[Input records — start]

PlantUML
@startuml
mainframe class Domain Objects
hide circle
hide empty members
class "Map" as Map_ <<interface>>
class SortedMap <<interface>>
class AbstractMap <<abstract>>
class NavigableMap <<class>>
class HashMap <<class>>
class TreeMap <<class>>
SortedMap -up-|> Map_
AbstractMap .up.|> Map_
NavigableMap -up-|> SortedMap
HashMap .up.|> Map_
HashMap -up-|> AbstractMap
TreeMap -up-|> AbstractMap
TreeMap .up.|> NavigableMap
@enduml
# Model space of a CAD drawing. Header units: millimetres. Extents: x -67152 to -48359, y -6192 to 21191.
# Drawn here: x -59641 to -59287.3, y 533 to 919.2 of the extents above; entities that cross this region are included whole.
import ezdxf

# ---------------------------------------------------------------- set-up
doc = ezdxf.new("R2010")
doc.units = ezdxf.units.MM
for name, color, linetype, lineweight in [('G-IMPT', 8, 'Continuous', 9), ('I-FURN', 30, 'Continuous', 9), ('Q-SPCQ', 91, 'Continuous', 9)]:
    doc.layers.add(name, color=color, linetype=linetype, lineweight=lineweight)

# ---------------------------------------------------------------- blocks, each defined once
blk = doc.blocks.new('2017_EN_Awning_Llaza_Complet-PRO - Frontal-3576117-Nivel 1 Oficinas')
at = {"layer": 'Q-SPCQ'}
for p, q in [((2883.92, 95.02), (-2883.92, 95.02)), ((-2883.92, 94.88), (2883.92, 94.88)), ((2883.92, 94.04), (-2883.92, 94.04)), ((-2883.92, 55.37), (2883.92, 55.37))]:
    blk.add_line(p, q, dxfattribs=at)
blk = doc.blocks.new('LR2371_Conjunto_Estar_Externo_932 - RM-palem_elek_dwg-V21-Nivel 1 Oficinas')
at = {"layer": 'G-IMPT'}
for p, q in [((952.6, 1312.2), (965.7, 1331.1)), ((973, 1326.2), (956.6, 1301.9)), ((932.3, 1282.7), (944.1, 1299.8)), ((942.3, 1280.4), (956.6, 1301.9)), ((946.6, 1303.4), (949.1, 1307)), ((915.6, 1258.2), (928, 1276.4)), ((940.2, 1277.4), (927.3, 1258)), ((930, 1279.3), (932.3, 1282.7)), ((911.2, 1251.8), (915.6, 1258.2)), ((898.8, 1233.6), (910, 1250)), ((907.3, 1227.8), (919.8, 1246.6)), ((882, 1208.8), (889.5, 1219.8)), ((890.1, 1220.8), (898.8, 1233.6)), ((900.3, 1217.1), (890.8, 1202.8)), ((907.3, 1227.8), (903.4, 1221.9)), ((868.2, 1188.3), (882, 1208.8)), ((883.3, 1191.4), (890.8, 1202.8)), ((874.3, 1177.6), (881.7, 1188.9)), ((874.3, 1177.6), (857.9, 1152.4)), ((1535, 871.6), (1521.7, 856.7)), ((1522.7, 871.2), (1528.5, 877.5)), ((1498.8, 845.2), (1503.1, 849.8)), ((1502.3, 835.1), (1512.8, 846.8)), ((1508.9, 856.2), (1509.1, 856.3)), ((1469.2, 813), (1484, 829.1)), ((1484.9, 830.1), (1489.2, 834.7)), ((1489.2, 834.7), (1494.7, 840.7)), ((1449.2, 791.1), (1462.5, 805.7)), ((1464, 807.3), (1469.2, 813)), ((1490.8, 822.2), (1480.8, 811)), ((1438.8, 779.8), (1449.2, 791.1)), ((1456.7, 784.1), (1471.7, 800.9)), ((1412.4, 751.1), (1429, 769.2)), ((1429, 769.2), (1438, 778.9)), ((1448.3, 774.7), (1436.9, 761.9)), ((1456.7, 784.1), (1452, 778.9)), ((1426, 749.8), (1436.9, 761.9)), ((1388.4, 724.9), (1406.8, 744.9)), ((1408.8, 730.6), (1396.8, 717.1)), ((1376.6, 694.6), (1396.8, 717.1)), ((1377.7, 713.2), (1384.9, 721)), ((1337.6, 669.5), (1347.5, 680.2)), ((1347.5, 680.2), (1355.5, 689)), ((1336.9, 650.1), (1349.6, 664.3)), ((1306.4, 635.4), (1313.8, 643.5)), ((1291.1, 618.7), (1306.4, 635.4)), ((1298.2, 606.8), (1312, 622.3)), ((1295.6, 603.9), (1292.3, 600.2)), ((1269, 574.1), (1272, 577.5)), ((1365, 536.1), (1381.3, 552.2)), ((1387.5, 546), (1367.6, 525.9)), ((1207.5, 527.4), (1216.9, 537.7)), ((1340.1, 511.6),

[Input records — finish]

■ **Task description**:
Could you state how many lines of the data include the word "interface"? Only the number is needed.

■ **Solution for this task**:
2